▶ _PROVIDED DATA_
● ● ● ● ●

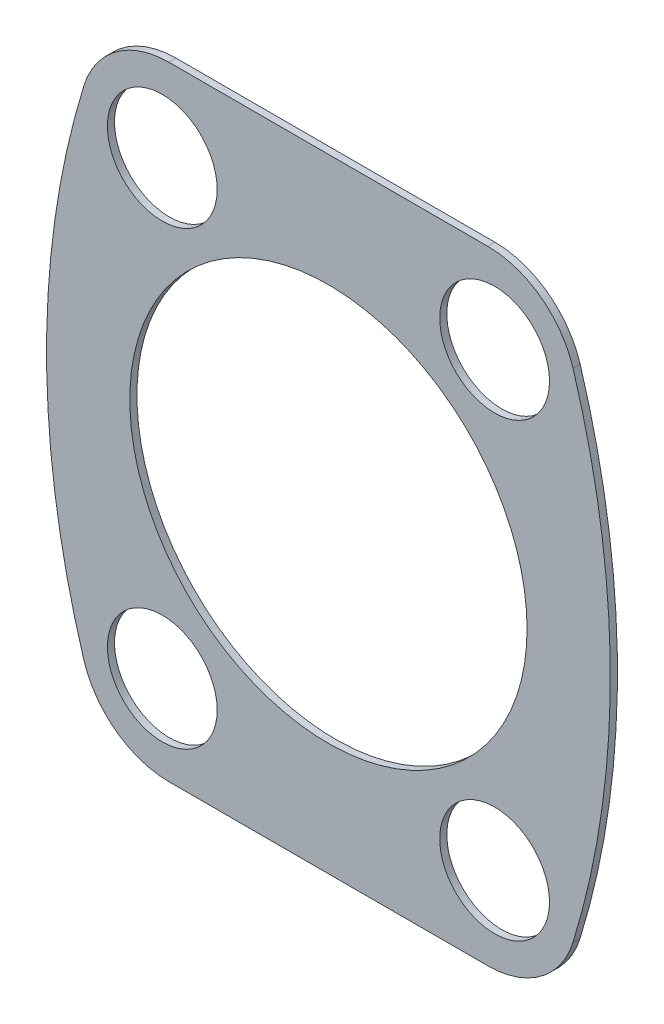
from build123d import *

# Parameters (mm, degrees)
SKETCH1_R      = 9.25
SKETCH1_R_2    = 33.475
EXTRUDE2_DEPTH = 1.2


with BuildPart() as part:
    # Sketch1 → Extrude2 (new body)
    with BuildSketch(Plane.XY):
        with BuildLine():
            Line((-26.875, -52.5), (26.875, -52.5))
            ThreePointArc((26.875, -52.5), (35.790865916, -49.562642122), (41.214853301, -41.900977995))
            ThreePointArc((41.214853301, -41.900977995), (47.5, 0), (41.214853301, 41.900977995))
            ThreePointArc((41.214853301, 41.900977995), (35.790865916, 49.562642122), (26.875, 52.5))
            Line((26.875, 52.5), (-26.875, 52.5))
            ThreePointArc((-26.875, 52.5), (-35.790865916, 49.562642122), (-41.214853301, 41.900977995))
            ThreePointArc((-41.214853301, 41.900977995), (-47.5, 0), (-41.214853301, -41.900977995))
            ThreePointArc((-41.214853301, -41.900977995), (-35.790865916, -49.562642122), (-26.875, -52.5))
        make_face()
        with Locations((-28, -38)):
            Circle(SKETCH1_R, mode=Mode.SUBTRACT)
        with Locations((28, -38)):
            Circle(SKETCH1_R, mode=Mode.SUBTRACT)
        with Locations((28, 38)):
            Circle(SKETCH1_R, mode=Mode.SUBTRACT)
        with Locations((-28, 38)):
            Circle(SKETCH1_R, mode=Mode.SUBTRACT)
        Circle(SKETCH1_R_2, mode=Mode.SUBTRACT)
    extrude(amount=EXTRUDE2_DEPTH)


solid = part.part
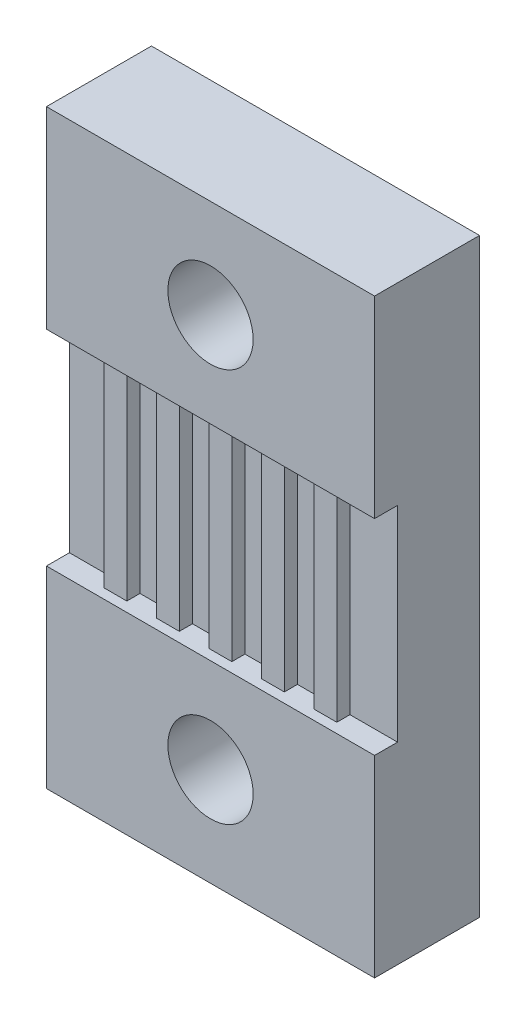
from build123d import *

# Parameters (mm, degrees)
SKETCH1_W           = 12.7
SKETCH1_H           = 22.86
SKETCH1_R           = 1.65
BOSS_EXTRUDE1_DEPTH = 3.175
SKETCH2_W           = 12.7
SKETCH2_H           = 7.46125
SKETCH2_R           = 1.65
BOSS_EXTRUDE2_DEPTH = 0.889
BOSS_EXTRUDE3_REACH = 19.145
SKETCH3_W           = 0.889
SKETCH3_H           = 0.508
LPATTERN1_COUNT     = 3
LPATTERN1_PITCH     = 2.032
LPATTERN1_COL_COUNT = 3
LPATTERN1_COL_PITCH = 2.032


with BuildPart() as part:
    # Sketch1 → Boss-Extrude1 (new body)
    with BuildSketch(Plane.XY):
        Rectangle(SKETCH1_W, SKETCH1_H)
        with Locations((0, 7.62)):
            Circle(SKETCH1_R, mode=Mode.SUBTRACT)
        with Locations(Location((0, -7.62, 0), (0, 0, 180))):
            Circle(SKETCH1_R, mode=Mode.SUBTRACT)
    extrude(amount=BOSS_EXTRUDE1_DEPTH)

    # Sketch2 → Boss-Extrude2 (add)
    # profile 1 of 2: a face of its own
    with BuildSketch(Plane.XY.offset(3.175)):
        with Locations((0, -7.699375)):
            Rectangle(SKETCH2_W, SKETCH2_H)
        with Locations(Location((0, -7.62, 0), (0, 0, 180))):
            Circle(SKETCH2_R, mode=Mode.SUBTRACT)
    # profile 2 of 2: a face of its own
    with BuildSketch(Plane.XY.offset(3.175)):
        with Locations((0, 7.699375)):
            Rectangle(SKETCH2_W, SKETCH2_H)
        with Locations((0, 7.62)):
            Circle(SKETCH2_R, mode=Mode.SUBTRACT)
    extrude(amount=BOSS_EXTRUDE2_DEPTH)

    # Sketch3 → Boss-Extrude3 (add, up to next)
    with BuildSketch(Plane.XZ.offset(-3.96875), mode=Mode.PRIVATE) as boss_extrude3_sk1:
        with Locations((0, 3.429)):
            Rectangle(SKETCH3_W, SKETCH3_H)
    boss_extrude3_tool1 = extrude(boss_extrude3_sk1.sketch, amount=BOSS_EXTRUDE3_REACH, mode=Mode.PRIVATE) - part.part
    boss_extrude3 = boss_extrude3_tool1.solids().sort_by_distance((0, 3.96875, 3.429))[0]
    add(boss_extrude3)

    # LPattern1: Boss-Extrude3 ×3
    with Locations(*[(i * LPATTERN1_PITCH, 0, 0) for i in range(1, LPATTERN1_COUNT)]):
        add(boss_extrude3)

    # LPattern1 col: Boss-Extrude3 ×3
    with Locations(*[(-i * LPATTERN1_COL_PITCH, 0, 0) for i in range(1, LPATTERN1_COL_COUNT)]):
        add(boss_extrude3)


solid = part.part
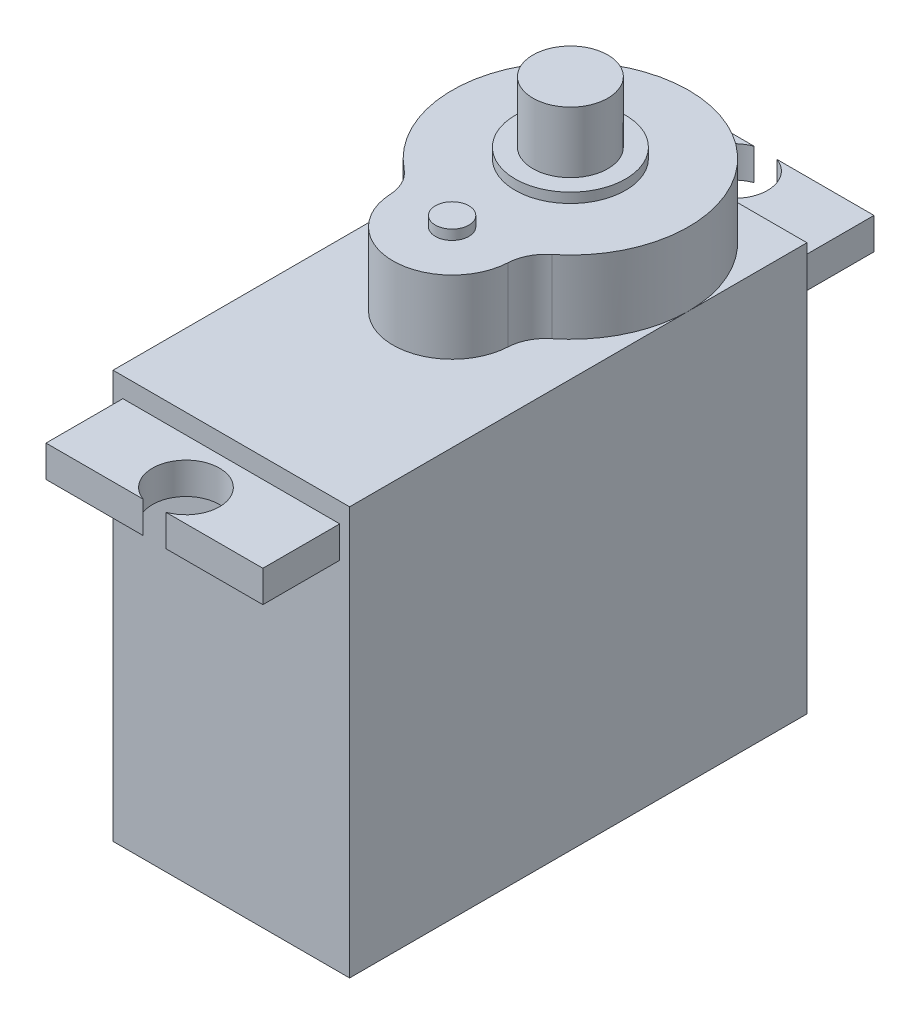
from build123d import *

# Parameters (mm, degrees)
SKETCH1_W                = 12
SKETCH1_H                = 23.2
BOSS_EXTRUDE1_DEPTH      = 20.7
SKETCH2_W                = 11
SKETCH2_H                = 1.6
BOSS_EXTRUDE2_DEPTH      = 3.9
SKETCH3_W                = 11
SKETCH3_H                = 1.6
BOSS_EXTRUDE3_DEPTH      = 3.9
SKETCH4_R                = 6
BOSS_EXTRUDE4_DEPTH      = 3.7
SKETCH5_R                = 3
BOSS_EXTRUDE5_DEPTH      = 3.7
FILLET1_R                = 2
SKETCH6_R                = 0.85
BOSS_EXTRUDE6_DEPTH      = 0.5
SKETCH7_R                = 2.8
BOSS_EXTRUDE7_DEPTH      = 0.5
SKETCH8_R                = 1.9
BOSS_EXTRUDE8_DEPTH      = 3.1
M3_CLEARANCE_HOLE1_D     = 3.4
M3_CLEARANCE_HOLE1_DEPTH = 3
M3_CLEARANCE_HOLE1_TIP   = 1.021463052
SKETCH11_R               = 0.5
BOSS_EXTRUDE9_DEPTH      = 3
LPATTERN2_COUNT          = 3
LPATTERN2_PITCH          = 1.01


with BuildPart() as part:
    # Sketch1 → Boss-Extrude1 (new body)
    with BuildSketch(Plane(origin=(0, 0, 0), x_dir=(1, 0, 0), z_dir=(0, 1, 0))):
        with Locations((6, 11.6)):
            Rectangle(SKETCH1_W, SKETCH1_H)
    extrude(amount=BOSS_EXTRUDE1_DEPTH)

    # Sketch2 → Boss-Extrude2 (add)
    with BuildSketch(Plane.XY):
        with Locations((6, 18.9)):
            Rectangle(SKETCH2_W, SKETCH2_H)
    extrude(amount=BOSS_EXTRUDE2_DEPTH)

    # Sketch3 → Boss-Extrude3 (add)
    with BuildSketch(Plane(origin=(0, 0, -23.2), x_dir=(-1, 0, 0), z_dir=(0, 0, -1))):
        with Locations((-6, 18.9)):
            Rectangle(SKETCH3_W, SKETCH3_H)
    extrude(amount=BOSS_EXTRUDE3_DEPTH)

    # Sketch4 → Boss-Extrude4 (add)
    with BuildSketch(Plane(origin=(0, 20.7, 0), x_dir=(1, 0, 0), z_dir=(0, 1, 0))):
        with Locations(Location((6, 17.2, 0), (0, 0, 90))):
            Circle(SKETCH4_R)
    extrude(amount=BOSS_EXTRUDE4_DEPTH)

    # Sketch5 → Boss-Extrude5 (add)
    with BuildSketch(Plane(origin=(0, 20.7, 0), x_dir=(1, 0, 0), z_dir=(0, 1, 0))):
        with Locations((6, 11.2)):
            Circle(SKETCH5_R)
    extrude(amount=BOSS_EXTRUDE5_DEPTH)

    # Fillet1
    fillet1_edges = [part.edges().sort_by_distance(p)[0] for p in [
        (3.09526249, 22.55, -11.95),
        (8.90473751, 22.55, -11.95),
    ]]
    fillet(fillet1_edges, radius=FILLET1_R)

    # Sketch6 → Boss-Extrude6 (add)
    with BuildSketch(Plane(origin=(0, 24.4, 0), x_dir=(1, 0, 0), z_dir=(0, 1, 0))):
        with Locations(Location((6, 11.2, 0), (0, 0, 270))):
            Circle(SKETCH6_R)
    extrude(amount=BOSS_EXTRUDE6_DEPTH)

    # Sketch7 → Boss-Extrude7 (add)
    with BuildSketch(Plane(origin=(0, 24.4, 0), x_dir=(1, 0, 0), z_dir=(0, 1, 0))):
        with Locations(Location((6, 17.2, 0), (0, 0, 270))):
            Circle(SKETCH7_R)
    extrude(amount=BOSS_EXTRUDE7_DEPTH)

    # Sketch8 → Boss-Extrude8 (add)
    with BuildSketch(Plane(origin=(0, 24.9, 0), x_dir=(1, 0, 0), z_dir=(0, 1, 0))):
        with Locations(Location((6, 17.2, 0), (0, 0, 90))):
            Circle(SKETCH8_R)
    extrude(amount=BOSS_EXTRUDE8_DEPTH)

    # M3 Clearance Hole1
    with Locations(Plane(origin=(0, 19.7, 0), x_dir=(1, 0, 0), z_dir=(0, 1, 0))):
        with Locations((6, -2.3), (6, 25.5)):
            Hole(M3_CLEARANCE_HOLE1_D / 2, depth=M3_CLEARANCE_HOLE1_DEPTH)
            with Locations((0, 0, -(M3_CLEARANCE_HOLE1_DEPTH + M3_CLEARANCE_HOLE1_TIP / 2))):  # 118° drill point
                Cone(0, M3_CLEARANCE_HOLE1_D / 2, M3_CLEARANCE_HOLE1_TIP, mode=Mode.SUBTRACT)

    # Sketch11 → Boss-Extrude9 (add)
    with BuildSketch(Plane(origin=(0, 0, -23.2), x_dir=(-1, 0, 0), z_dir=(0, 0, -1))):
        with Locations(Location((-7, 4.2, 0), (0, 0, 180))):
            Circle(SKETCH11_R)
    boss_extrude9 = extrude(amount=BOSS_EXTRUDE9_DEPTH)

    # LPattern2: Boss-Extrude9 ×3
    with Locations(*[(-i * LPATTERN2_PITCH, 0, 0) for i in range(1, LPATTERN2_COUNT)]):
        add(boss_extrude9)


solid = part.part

● ● ● ● ●

▶ _EXERCISE BRIEF_
Return nothing but the lines running from the start of the data to the line with "make_face()", please, both ends included and no pictures.

▶ _EXERCISE RESPONSE_
from build123d import *

# Parameters (mm, degrees)
SKETCH1_R      = 9.25
SKETCH1_R_2    = 33.475
EXTRUDE2_DEPTH = 1.2


with BuildPart() as part:
    # Sketch1 → Extrude2 (new body)
    with BuildSketch(Plane.XY):
        with BuildLine():
            Line((-26.875, -52.5), (26.875, -52.5))
            ThreePointArc((26.875, -52.5), (35.790865916, -49.562642122), (41.214853301, -41.900977995))
            ThreePointArc((41.214853301, -41.900977995), (47.5, 0), (41.214853301, 41.900977995))
            ThreePointArc((41.214853301, 41.900977995), (35.790865916, 49.562642122), (26.875, 52.5))
            Line((26.875, 52.5), (-26.875, 52.5))
            ThreePointArc((-26.875, 52.5), (-35.790865916, 49.562642122), (-41.214853301, 41.900977995))
            ThreePointArc((-41.214853301, 41.900977995), (-47.5, 0), (-41.214853301, -41.900977995))
            ThreePointArc((-41.214853301, -41.900977995), (-35.790865916, -49.562642122), (-26.875, -52.5))
        make_face()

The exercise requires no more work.